Combining Climate Model Predictions, Hydrological Modeling, and Ecological Niche Modeling Algorithms to Predict the Impacts of Climate Change on Aquatic BiodiversityEPA Grant Number: R834195
Title: Combining Climate Model Predictions, Hydrological Modeling, and Ecological Niche Modeling Algorithms to Predict the Impacts of Climate Change on Aquatic Biodiversity
Investigators: Knouft, Jason
Institution: Saint Louis University - Main Campus
EPA Project Officer: Hiscock, Michael
Project Period: August 1, 2009 through July 31, 2011 (Extended to January 31, 2014)
Project Amount: $246,147
RFA: Consequences of Global Change for Water Quality (2008) RFA Text | Recipients Lists
Research Category: Ecological Indicators/Assessment/Restoration , Global Climate Change , Water and Watersheds , Ecosystems , Climate Change , Water
The primary objective of this research is to predict the impacts of climate change on aquatic biodiversity in United States river drainages.
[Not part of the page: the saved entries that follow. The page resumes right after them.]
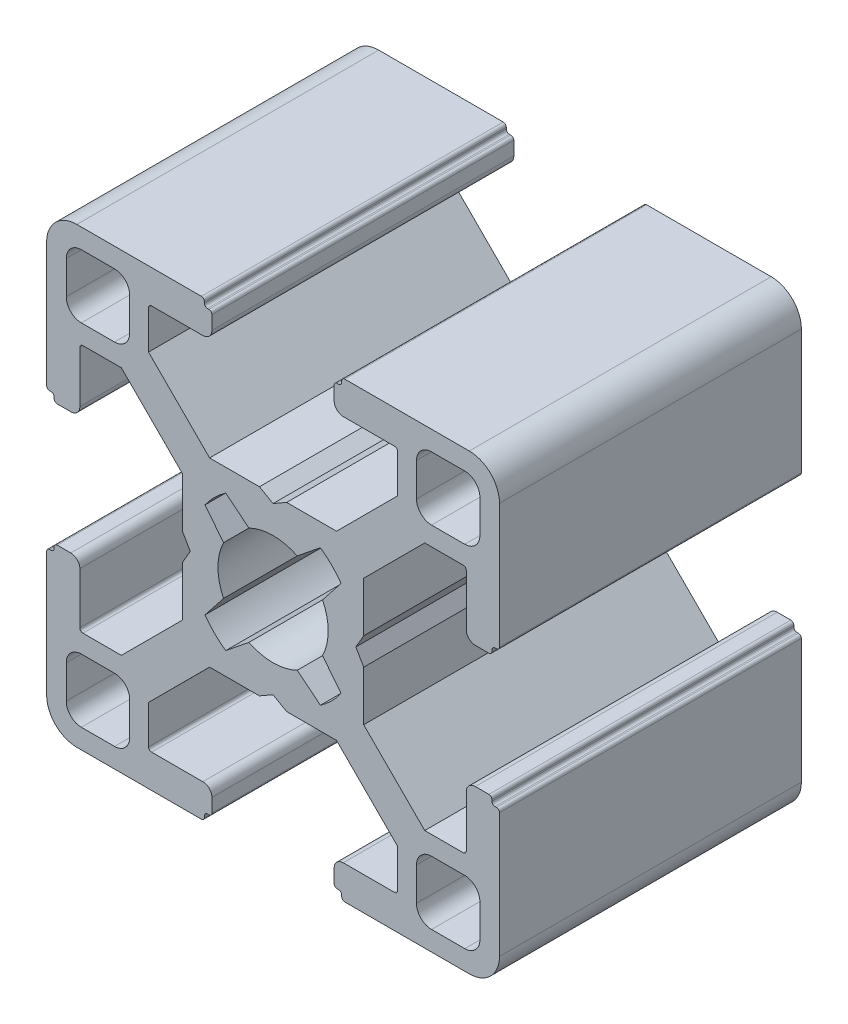
from build123d import *

# Parameters (mm, degrees)
DODANIE_WYCI_GNI_CIE1_DEPTH = 20


with BuildPart() as part:
    # Szkic1 → Dodanie-wyciągnięcie1 (new body)
    with BuildSketch(Plane.XY):
        with BuildLine():
            Line((96.56, 29.575148163), (97.459999946, 29.06))
            Line((97.459999946, 29.06), (100.764466193, 29.06))
            Line((100.764466193, 29.06), (104.810000327, 25.010000763))
            Line((104.810000327, 25.010000763), (104.810000327, 22.460001166))
            ThreePointArc((104.810000327, 22.460001166), (104.751421565, 22.318579525), (104.609999924, 22.260000763))
            Line((104.609999924, 22.260000763), (101.210000197, 22.260000763))
            ThreePointArc((101.210000197, 22.260000763), (100.785735989, 22.084264774), (100.61, 21.660000566))
            Line((100.61, 21.660000566), (100.61, 20.760000374))
            ThreePointArc((100.61, 20.760000374), (100.668578753, 20.618578753), (100.810000374, 20.56))
            Line((100.810000374, 20.56), (100.910000144, 20.56))
            ThreePointArc((100.910000144, 20.56), (101.05142109, 20.501421526), (101.109999564, 20.36000058))
            Line((101.109999564, 20.36000058), (101.109999564, 20.260000381))
            ThreePointArc((101.109999564, 20.260000381), (101.16857832, 20.118578755), (101.309999945, 20.06))
            Line((101.309999945, 20.06), (109.560000346, 20.06))
            ThreePointArc((109.560000346, 20.06), (110.974213664, 20.645786336), (111.56, 22.059999654))
            Line((111.56, 22.059999654), (111.56, 30.310000479))
            ThreePointArc((111.56, 30.310000479), (111.501421273, 30.451422036), (111.359999716, 30.510000763))
            Line((111.359999716, 30.510000763), (111.260000611, 30.510000763))
            ThreePointArc((111.260000611, 30.510000763), (111.118579054, 30.56857949), (111.060000327, 30.710001047))
            Line((111.060000327, 30.710001047), (111.060000327, 30.810000479))
            ThreePointArc((111.060000327, 30.810000479), (111.0014216, 30.951422036), (110.860000043, 31.010000763))
            Line((110.860000043, 31.010000763), (109.95999994, 31.010000763))
            ThreePointArc((109.95999994, 31.010000763), (109.535735606, 30.834264722), (109.359999564, 30.410000387))
            Line((109.359999564, 30.410000387), (109.359999564, 27.010000284))
            ThreePointArc((109.359999564, 27.010000284), (109.301420837, 26.868578727), (109.15999928, 26.81))
            Line((109.15999928, 26.81), (106.609999564, 26.81))
            Line((106.609999564, 26.81), (102.56446543, 30.855534134))
            Line((102.56446543, 30.855534134), (102.56446543, 34.160000381))
            Line((102.56446543, 34.160000381), (102.044852164, 35.06))
            Line((102.044852164, 35.06), (102.56446543, 35.959999619))
            Line((102.56446543, 35.959999619), (102.56446543, 39.264465866))
            Line((102.56446543, 39.264465866), (106.609999564, 43.31))
            Line((106.609999564, 43.31), (109.15999928, 43.31))
            ThreePointArc((109.15999928, 43.31), (109.301420837, 43.251421273), (109.359999564, 43.109999716))
            Line((109.359999564, 43.109999716), (109.359999564, 39.709999613))
            ThreePointArc((109.359999564, 39.709999613), (109.535735606, 39.285735278), (109.95999994, 39.109999237))
            Line((109.95999994, 39.109999237), (110.860000043, 39.109999237))
            ThreePointArc((110.860000043, 39.109999237), (111.0014216, 39.168577964), (111.060000327, 39.309999521))
            Line((111.060000327, 39.309999521), (111.060000327, 39.409998953))
            ThreePointArc((111.060000327, 39.409998953), (111.118579054, 39.55142051), (111.260000611, 39.609999237))
            Line((111.260000611, 39.609999237), (111.359999716, 39.609999237))
            ThreePointArc((111.359999716, 39.609999237), (111.501421273, 39.668577964), (111.56, 39.809999521))
            Line((111.56, 39.809999521), (111.56, 48.060000346))
            ThreePointArc((111.56, 48.060000346), (110.974213664, 49.474213664), (109.560000346, 50.06))
            Line((109.560000346, 50.06), (101.309999945, 50.06))
            ThreePointArc((101.309999945, 50.06), (101.16857832, 50.001421245), (101.109999564, 49.859999619))
            Line((101.109999564, 49.859999619), (101.109999564, 49.75999942))
            ThreePointArc((101.109999564, 49.75999942), (101.05142109, 49.618578474), (100.910000144, 49.56))
            Line((100.910000144, 49.56), (100.810000374, 49.56))
            ThreePointArc((100.810000374, 49.56), (100.668578753, 49.501421247), (100.61, 49.359999626))
            Line((100.61, 49.359999626), (100.61, 48.459999434))
            ThreePointArc((100.61, 48.459999434), (100.785735989, 48.035735226), (101.210000197, 47.859999237))
            Line((101.210000197, 47.859999237), (104.609999924, 47.859999237))
            ThreePointArc((104.609999924, 47.859999237), (104.751421565, 47.801420475), (104.810000327, 47.659998834))
            Line((104.810000327, 47.659998834), (104.810000327, 45.109999237))
            Line((104.810000327, 45.109999237), (100.764466193, 41.06))
            Line((100.764466193, 41.06), (97.459999946, 41.06))
            Line((97.459999946, 41.06), (96.56, 40.544851837))
            Line((96.56, 40.544851837), (95.660000054, 41.06))
            Line((95.660000054, 41.06), (92.355533807, 41.06))
            Line((92.355533807, 41.06), (88.309999673, 45.109999237))
            Line((88.309999673, 45.109999237), (88.309999673, 47.659998834))
            ThreePointArc((88.309999673, 47.659998834), (88.368578435, 47.801420475), (88.510000076, 47.859999237))
            Line((88.510000076, 47.859999237), (91.909999803, 47.859999237))
            ThreePointArc((91.909999803, 47.859999237), (92.334264011, 48.035735226), (92.51, 48.459999434))
            Line((92.51, 48.459999434), (92.51, 49.359999626))
            ThreePointArc((92.51, 49.359999626), (92.451421247, 49.501421247), (92.309999626, 49.56))
            Line((92.309999626, 49.56), (92.209999856, 49.56))
            ThreePointArc((92.209999856, 49.56), (92.06857891, 49.618578474), (92.010000436, 49.75999942))
            Line((92.010000436, 49.75999942), (92.010000436, 49.859999619))
            ThreePointArc((92.010000436, 49.859999619), (91.95142168, 50.001421245), (91.810000055, 50.06))
            Line((91.810000055, 50.06), (83.559999654, 50.06))
            ThreePointArc((83.559999654, 50.06), (82.145786336, 49.474213664), (81.56, 48.060000346))
            Line((81.56, 48.060000346), (81.56, 39.809999521))
            ThreePointArc((81.56, 39.809999521), (81.618578727, 39.668577964), (81.760000284, 39.609999237))
            Line((81.760000284, 39.609999237), (81.859999389, 39.609999237))
            ThreePointArc((81.859999389, 39.609999237), (82.001420946, 39.55142051), (82.059999673, 39.409998953))
            Line((82.059999673, 39.409998953), (82.059999673, 39.309999521))
            ThreePointArc((82.059999673, 39.309999521), (82.1185784, 39.168577964), (82.259999957, 39.109999237))
            Line((82.259999957, 39.109999237), (83.16000006, 39.109999237))
            ThreePointArc((83.16000006, 39.109999237), (83.584264394, 39.285735278), (83.760000436, 39.709999613))
            Line((83.760000436, 39.709999613), (83.760000436, 43.109999716))
            ThreePointArc((83.760000436, 43.109999716), (83.818579163, 43.251421273), (83.96000072, 43.31))
            Line((83.96000072, 43.31), (86.510000436, 43.31))
            Line((86.510000436, 43.31), (90.55553457, 39.264465866))
            Line((90.55553457, 39.264465866), (90.55553457, 35.959999619))
            Line((90.55553457, 35.959999619), (91.075147836, 35.06))
            Line((91.075147836, 35.06), (90.55553457, 34.160000381))
            Line((90.55553457, 34.160000381), (90.55553457, 30.855534134))
            Line((90.55553457, 30.855534134), (86.510000436, 26.81))
            Line((86.510000436, 26.81), (83.96000072, 26.81))
            ThreePointArc((83.96000072, 26.81), (83.818579163, 26.868578727), (83.760000436, 27.010000284))
            Line((83.760000436, 27.010000284), (83.760000436, 30.410000387))
            ThreePointArc((83.760000436, 30.410000387), (83.584264394, 30.834264722), (83.16000006, 31.010000763))
            Line((83.16000006, 31.010000763), (82.259999957, 31.010000763))
            ThreePointArc((82.259999957, 31.010000763), (82.1185784, 30.951422036), (82.059999673, 30.810000479))
            Line((82.059999673, 30.810000479), (82.059999673, 30.710001047))
            ThreePointArc((82.059999673, 30.710001047), (82.001420946, 30.56857949), (81.859999389, 30.510000763))
            Line((81.859999389, 30.510000763), (81.760000284, 30.510000763))
            ThreePointArc((81.760000284, 30.510000763), (81.618578727, 30.451422036), (81.56, 30.310000479))
            Line((81.56, 30.310000479), (81.56, 22.059999654))
            ThreePointArc((81.56, 22.059999654), (82.145786336, 20.645786336), (83.559999654, 20.06))
            Line((83.559999654, 20.06), (91.810000055, 20.06))
            ThreePointArc((91.810000055, 20.06), (91.95142168, 20.118578755), (92.010000436, 20.260000381))
            Line((92.010000436, 20.260000381), (92.010000436, 20.36000058))
            ThreePointArc((92.010000436, 20.36000058), (92.06857891, 20.501421526), (92.209999856, 20.56))
            Line((92.209999856, 20.56), (92.309999626, 20.56))
            ThreePointArc((92.309999626, 20.56), (92.451421247, 20.618578753), (92.51, 20.760000374))
            Line((92.51, 20.760000374), (92.51, 21.660000566))
            ThreePointArc((92.51, 21.660000566), (92.334264011, 22.084264774), (91.909999803, 22.260000763))
            Line((91.909999803, 22.260000763), (88.510000076, 22.260000763))
            ThreePointArc((88.510000076, 22.260000763), (88.368578435, 22.318579525), (88.309999673, 22.460001166))
            Line((88.309999673, 22.460001166), (88.309999673, 25.010000763))
            Line((88.309999673, 25.010000763), (92.355533807, 29.06))
            Line((92.355533807, 29.06), (95.660000054, 29.06))
            Line((95.660000054, 29.06), (96.56, 29.575148163))
        make_face()
        with BuildLine():
            Line((109.26000109, 48.760000398), (107.060000327, 48.760000398))
            ThreePointArc((107.060000327, 48.760000398), (106.352893543, 48.467107182), (106.060000327, 47.760000398))
            Line((106.060000327, 47.760000398), (106.060000327, 45.559999635))
            ThreePointArc((106.060000327, 45.559999635), (106.352893543, 44.852892851), (107.060000327, 44.559999635))
            Line((107.060000327, 44.559999635), (109.26000109, 44.559999635))
            ThreePointArc((109.26000109, 44.559999635), (109.967107874, 44.852892851), (110.26000109, 45.559999635))
            Line((110.26000109, 45.559999635), (110.26000109, 47.760000398))
            ThreePointArc((110.26000109, 47.760000398), (109.967107874, 48.467107182), (109.26000109, 48.760000398))
        make_face(mode=Mode.SUBTRACT)
        with BuildLine():
            Line((94.959870476, 38.340561767), (93.424070588, 39.578400903))
            ThreePointArc((93.424070588, 39.578400903), (92.678997741, 38.957155561), (92.054663108, 38.214669473))
            Line((92.054663108, 38.214669473), (93.279438268, 36.660129597))
            ThreePointArc((93.279438268, 36.660129597), (92.91, 35.06), (93.279438268, 33.459870403))
            Line((93.279438268, 33.459870403), (92.054663108, 31.905330527))
            ThreePointArc((92.054663108, 31.905330527), (92.678997741, 31.162844439), (93.424070588, 30.541599097))
            Line((93.424070588, 30.541599097), (94.959870476, 31.779438233))
            ThreePointArc((94.959870476, 31.779438233), (96.56, 31.41), (98.160129524, 31.779438233))
            Line((98.160129524, 31.779438233), (99.695929412, 30.541599097))
            ThreePointArc((99.695929412, 30.541599097), (100.441002259, 31.162844439), (101.065336892, 31.905330527))
            Line((101.065336892, 31.905330527), (99.840561732, 33.459870403))
            ThreePointArc((99.840561732, 33.459870403), (100.21, 35.06), (99.840561732, 36.660129597))
            Line((99.840561732, 36.660129597), (101.065336892, 38.214669473))
            ThreePointArc((101.065336892, 38.214669473), (100.441002259, 38.957155561), (99.695929412, 39.578400903))
            Line((99.695929412, 39.578400903), (98.160129524, 38.340561767))
            ThreePointArc((98.160129524, 38.340561767), (96.56, 38.71), (94.959870476, 38.340561767))
        make_face(mode=Mode.SUBTRACT)
        with BuildLine():
            Line((83.85999891, 21.359999602), (86.059999673, 21.359999602))
            ThreePointArc((86.059999673, 21.359999602), (86.767106457, 21.652892818), (87.059999673, 22.359999602))
            Line((87.059999673, 22.359999602), (87.059999673, 24.560000365))
            ThreePointArc((87.059999673, 24.560000365), (86.767106457, 25.267107149), (86.059999673, 25.560000365))
            Line((86.059999673, 25.560000365), (83.85999891, 25.560000365))
            ThreePointArc((83.85999891, 25.560000365), (83.152892126, 25.267107149), (82.85999891, 24.560000365))
            Line((82.85999891, 24.560000365), (82.85999891, 22.359999602))
            ThreePointArc((82.85999891, 22.359999602), (83.152892126, 21.652892818), (83.85999891, 21.359999602))
        make_face(mode=Mode.SUBTRACT)
        with BuildLine():
            Line((110.26000109, 22.359999602), (110.26000109, 24.560000365))
            ThreePointArc((110.26000109, 24.560000365), (109.967107874, 25.267107149), (109.26000109, 25.560000365))
            Line((109.26000109, 25.560000365), (107.060000327, 25.560000365))
            ThreePointArc((107.060000327, 25.560000365), (106.352893543, 25.267107149), (106.060000327, 24.560000365))
            Line((106.060000327, 24.560000365), (106.060000327, 22.359999602))
            ThreePointArc((106.060000327, 22.359999602), (106.352893543, 21.652892818), (107.060000327, 21.359999602))
            Line((107.060000327, 21.359999602), (109.26000109, 21.359999602))
            ThreePointArc((109.26000109, 21.359999602), (109.967107874, 21.652892818), (110.26000109, 22.359999602))
        make_face(mode=Mode.SUBTRACT)
        with BuildLine():
            Line((86.059999673, 48.760000398), (83.85999891, 48.760000398))
            ThreePointArc((83.85999891, 48.760000398), (83.152892126, 48.467107182), (82.85999891, 47.760000398))
            Line((82.85999891, 47.760000398), (82.85999891, 45.559999635))
            ThreePointArc((82.85999891, 45.559999635), (83.152892126, 44.852892851), (83.85999891, 44.559999635))
            Line((83.85999891, 44.559999635), (86.059999673, 44.559999635))
            ThreePointArc((86.059999673, 44.559999635), (86.767106457, 44.852892851), (87.059999673, 45.559999635))
            Line((87.059999673, 45.559999635), (87.059999673, 47.760000398))
            ThreePointArc((87.059999673, 47.760000398), (86.767106457, 48.467107182), (86.059999673, 48.760000398))
        make_face(mode=Mode.SUBTRACT)
    extrude(amount=DODANIE_WYCI_GNI_CIE1_DEPTH)


solid = part.part

Global climate models will be integrated with a landscape hydrologic model and an ecological niche modeling algorithm to test three general hypotheses: 1) Climate data, when integrated with landscape hydrologic models, can accurately predict variation in current and future flow regimes in United States river drainages; 2) Ecological niche modeling algorithms, when used in conjunction with hydrologic model outputs and species distribution data, can accurately predict current and future distributions of aquatic taxa; and 3) Predicted changes in climate will differentially impact aquatic taxa, with some species experiencing decreases in future habitat availability while other species experience increases in the amount of available habitat.
The objectives of this research will be achieved by integrating data derived from three regionally downscaled global climate models with the landscape-based Soil and Water Assessment Tool (SWAT) hydrologic model to predict changes in flow characteristics and water temperatures in United States river drainages based on climate change scenarios. These hydrologic data will then be used to predict the potential impacts of climate change on distributions of a variety of taxonomic groups, including fishes, crayfishes, and mollusks, in Illinois and Alabama using a maximum entropy ecological niche modeling algorithm (Maxent). Illinois and Alabama support relatively high levels of biodiversity and threatened species and there is also an unusually robust amount of species locality data available for these states. In this study, these areas will serve as models to understand the potential impacts of climate change on aquatic communities in the coming decades. The impact of climate change on fishes will be similarly assessed in five major river drainages in different regions of the United States. The predicted changes in hydrologic characteristics in each region will be integrated with freshwater fish species distribution data to predict the response of these species to changes in climate and assess potential regional differences in biodiversity impacts based on climate change scenarios.
The results of this research will provide a broad taxonomic and regional assessment of the impacts of climate change on aquatic species in the United States by producing predictions of current and future habitat quality for aquatic taxa based on multiple climate change scenarios. The results will address key questions detailed in the program announcement including: 1) What are the potential impacts of climate change on streamflow regimes in different regions of the United States, and how will these changes affect aquatic ecosystems; and 2) How will climate change influence the availability of suitable aquatic habitat for vulnerable species?